Yahrzeit
(September 12, 2010)
My mother died five years ago today. Recently, among some old papers, I discovered a “report card” from when she attended Diet Workshop beginning in the Spring of 1967. The card lists her name—June Lovenheim—and each week’s entry records how much weight she lost since the previous week. By September 12th she had lost 9 1/4 pounds. Nearly 40 years later that would be the day, at age 88, on which she would die.
Typically, we memorialize loved ones on their birth dates. For national figures—Lincoln and King come to mind—we make their birthdays official holidays. In the Jewish tradition, however, it is common to remember a person primarily on the date of death. The Yiddish term “Yahrzeit” means year’s time, or anniversary. On that date, we light a memorial candle, recite Kaddish—the mourner’s prayer—and give to charity in the deceased’s memory. It’s not that we forget a loved one’s birthday, but as the years pass, the Yahrzeit becomes the key date on which the person is remembered by family and community.
This September 12th will be my mother’s fifth Yahrzeit, and in preparing to observe it, I found myself intrigued by one fact: throughout her life, my mother had each year lived the date of her own death without knowing it. When, on September 12, 1967, she stepped on the scale at Diet Workshop, to her it was just another day, and passed unnoticed. This prompted me to think of other September 12ths my mother had lived:
September 12, 1927: My mother, June Knopf, is 10 years old and this is the first Monday of the first full week of school. She sits at her desk in a fifth grade classroom, anxious, perhaps, in anticipation of the new school year. At noon, she walks across the school yard, over a bridge spanning the city’s trolley line, and up a tree-lined street to her house. Her mother is there with an egg salad sandwich on white bread—my mother’s favorite lunch.
September 12, 1935: Having graduated from high school, my mother takes a year-long secretarial course. Perhaps she practices taking dictation in Gregg Shorthand, recording today’s date as a mysterious combination of squiggles and lines.

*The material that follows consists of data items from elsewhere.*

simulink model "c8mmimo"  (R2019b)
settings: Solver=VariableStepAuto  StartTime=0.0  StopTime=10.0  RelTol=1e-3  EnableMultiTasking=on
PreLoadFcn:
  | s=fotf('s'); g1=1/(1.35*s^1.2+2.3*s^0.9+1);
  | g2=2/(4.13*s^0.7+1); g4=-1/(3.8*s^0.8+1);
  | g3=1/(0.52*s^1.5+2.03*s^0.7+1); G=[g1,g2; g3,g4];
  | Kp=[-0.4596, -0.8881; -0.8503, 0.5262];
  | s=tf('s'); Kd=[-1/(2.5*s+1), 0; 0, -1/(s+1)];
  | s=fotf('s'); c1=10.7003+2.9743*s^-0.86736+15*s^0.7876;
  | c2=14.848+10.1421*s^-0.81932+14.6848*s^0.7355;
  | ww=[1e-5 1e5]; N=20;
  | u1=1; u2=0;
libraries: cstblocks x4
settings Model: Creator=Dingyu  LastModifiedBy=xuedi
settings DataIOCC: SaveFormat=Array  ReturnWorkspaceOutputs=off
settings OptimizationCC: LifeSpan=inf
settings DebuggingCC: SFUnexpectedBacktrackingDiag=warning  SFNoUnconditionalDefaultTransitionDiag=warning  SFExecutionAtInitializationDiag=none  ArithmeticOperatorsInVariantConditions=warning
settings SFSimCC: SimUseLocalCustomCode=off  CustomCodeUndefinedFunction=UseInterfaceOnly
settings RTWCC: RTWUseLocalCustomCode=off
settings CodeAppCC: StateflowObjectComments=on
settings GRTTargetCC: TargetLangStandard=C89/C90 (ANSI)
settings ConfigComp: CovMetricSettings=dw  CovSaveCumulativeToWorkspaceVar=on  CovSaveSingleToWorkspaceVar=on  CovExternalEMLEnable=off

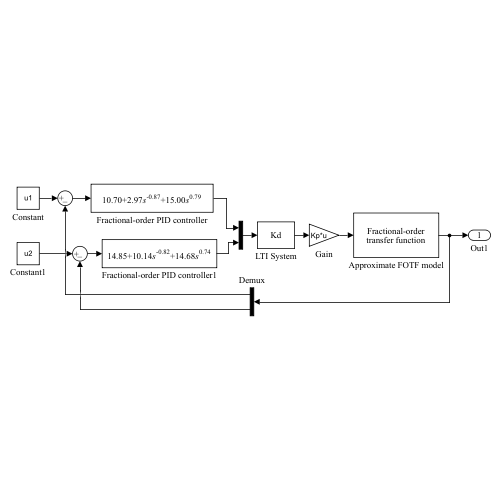
[thumbnail: Simulink's stored preview of the top-level diagram]
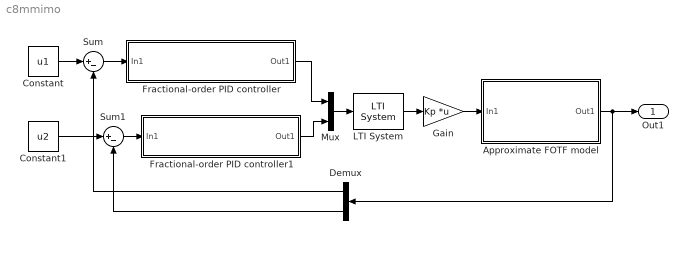
== system c8mmimo ==
  Approximate FOTF model : Subsystem  mask{na=G, a=[0.8 0.5 1], nb=0, b=1, ww=ww, N=N, kFilter=Oustaloup filter, T=0}
      mask prompts: na "Orders of the denominator"; a "Coefficients of the denominator"; nb "Orders of the numerator"; b "Coefficients of the numerator"; ww "Interested frequency range [wb wh]"; N "Filter order"; kFilter "Types of the filter"; T "Delay constant T"
      mask init:
      | if isa(na,'fotf'), G=na; 
      |    else
      |        if length(na)~=length(a)
      |           errordlg('Error','Mismatch on the denominator'), 
      |        end
      |        if length(b)~=length(nb)
      |           errordlg('Error','Mismatch on the numerator'), 
      |        end
      |        G=fotf(a,na,b,nb);
      |    end
      |    switch kFilter
      |       case 1, str='ousta_fod'; 
      |       case 2, str='new_fod'; case 3, str='matsude_fod';
      |    end
      |    wb=ww(1); wh=ww(2); G1=high_order(G,str,wb,wh,N); 
      |    G1.ioDelay=T;
      mask TypeOptions kFilter: Oustaloup filter | Modified Oustaloup filter
      mask Display: disp('Fractional-order\ntransfer function')
  Constant : Constant  Value=u1
  Constant1 : Constant  Value=u2
  Demux : Demux  Outputs=2
  Fractional-order PID controller : Subsystem  mask{Kp=c1, II=[0.4391 0.8647], DD=[1.1907 0.3844], N=N, ww=ww, kFilter=Oustaloup filter}
      mask prompts: Kp "Proportional Kp"; II "Integral [Ki lam]"; DD "Differentiation [Kd mu]"; N "Filter order"; ww "Interested frequency range [wb wh]"; kFilter "Types of the filter"
      mask init:
      | if isa(Kp,'fotf'), a=Kp;
      |    lam=a.den.na; mu=a.num.na; mu=mu(1)-lam; b=a.num.a; Kd=b(1); Kp=b(2); Ki=b(3);
      | else, II=[II 1]; DD=[DD 1]; Ki=II(1); lam=II(2); Kd=DD(1); mu=DD(2); end
      | s=fotf('s'); a=Kp+Ki/s^lam+Kd*s^mu/(0.001*s+1);
      | Gc=high_order(a,'ousta_fod',ww(1),ww(2),N);
      | if abs(Ki)>0, sI=[sprintf('%.2f',Ki),'{\its}^{' sprintf('%.2f',-lam), '}']; end
      | if abs(Kd)>0, sD=[sprintf('%.2f',Kd),'{\its}^{' sprintf('%.2f',mu), '}']; end
      | str=sprintf('%.2f',Kp);
      | if abs(Ki)>0, if sI(1)~='-', sI=['+' sI]; end, str=[str,sI]; end
      | if abs(Kd)>0, if sD(1)~='-', sD=['+' sD]; end, str=[str,sD]; end
      mask TypeOptions kFilter: Oustaloup filter | Modified Oustaloup filter
      mask Display: disp(str,'texmode','on')
  Fractional-order PID controller1 : Subsystem  mask{Kp=c2, II=[0.4391 0.8647], DD=[1.1907 0.3844], N=N, ww=ww, kFilter=Oustaloup filter}
      mask prompts: Kp "Proportional Kp"; II "Integral [Ki lam]"; DD "Differentiation [Kd mu]"; N "Filter order"; ww "Interested frequency range [wb wh]"; kFilter "Types of the filter"
      mask init: same as c8mmimo/Fractional-order PID controller
      mask TypeOptions kFilter: Oustaloup filter | Modified Oustaloup filter
      mask Display: disp(str,'texmode','on')
  Gain : Gain  Gain=Kp  Multiplication=Matrix(K*u)
  LTI System : cstblocks/LTI System  sys=Kd  IC=[]
  Mux : Mux  Inputs=2
  Sum : Sum  Inputs=|+-
  Sum1 : Sum  Inputs=|+-
  Out1 : Outport
  wires:
  Mux/1 -> LTI System/1
  LTI System/1 -> Gain/1
  Constant/1 -> Sum/1
  Sum/1 -> Fractional-order PID controller/1(In1)
  Sum1/1 -> Fractional-order PID controller1/1(In1)
  Constant1/1 -> Sum1/1
  Gain/1 -> Approximate FOTF model/1(In1)
  Demux/2 -> Sum1/2
  Demux/1 -> Sum/2
  Approximate FOTF model/1(Out1) -> Out1/1, Demux/1
  Fractional-order PID controller/1(Out1) -> Mux/1
  Fractional-order PID controller1/1(Out1) -> Mux/2

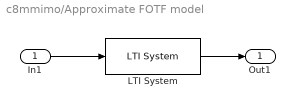
== system c8mmimo/Approximate FOTF model ==
  In1 : Inport
  LTI System : cstblocks/LTI System  sys=G1  IC=[]
  Out1 : Outport
  wires:
  LTI System/1 -> Out1/1
  In1/1 -> LTI System/1

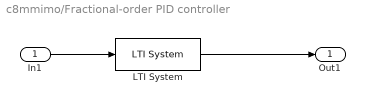
== system c8mmimo/Fractional-order PID controller ==
  In1 : Inport
  LTI System : cstblocks/LTI System  sys=Gc  IC=[]
  Out1 : Outport
  wires:
  In1/1 -> LTI System/1
  LTI System/1 -> Out1/1

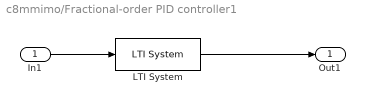
== system c8mmimo/Fractional-order PID controller1 ==
  In1 : Inport
  LTI System : cstblocks/LTI System  sys=Gc  IC=[]
  Out1 : Outport
  wires:
  LTI System/1 -> Out1/1
  In1/1 -> LTI System/1

September 12, 1945: My mother, now 28, has polio. It’s a mild case but still, with a two year-old son and seven months pregnant, this day is a struggle. For some relief from the late-summer heat, she rests on the screened front porch of the wood-frame home she and her husband recently bought. The house is on the same street and just four doors down from the house my mother grew up in.
September 12, 1957: My mother gets all three kids off to another day of school. She is a full-time mother now, and just weeks ago moved to a new, contemporary style, five-bedroom home in the suburbs. This weekend, despite some lingering effects of polio, she may practice her new pastime—golf—at the country club.
September 12, 1969: Now 52, my mother poses in front of Buckingham Palace as my dad snaps her picture. Maybe the stint at Diet Workshop was to prepare for this—my parents’ first trip to Europe.
September 12, 1977: The Jewish Holidays come early this year. My mother sits in synagogue next to my father, reading aloud with the congregation the central poem of the service: “Who shall live and who shall die, Who shall have rest and who shall wander, Who shall be at peace and who shall be pursued.”
September 12, 1989: This is Tuesday, so my mother sits at a bridge table playing cards with her sister and a small group of friends, most of whom she has known since childhood. Remarkably, the “Tuesday Group” will experience only one change of membership in 64 years, and disband only upon my mother’s death.
September 12, 2001: My mother walks with a cane, listens to television with an audio loop, and reads the newspaper with a magnifying lens. But she still goes out to lunch every day, still gets her hair done once a week. When I check on her and my dad in their apartment, my mother is sitting in front of the TV stunned—as we all are. She speaks of similar days she has lived through: the Japanese attack on Pearl Harbor, Franklin Roosevelt’s death, the assassination of John Kennedy.
The last September 12th of my mother’s life began for me with a phone call at 12:15 a.m. from the hospital, where my mother had been taken by ambulance only the previous day. She had advanced pneumonia. At 6:15 that evening, with our family gathered by her bed, my mother took her last breath, turned her head to the side, and died.
As we go through our lives, our date of death remains unknown to us. Yet I see now how rich in meaning that date can be. You can open it up, like Russian Metrushka dolls, and find inside the years upon years a person lived. And when those days reveal themselves, you see the ones filled with hope, and struggles, and failures, and love, until lined up in a row, they tell the story of a person’s life—not just when she died, but how she lived.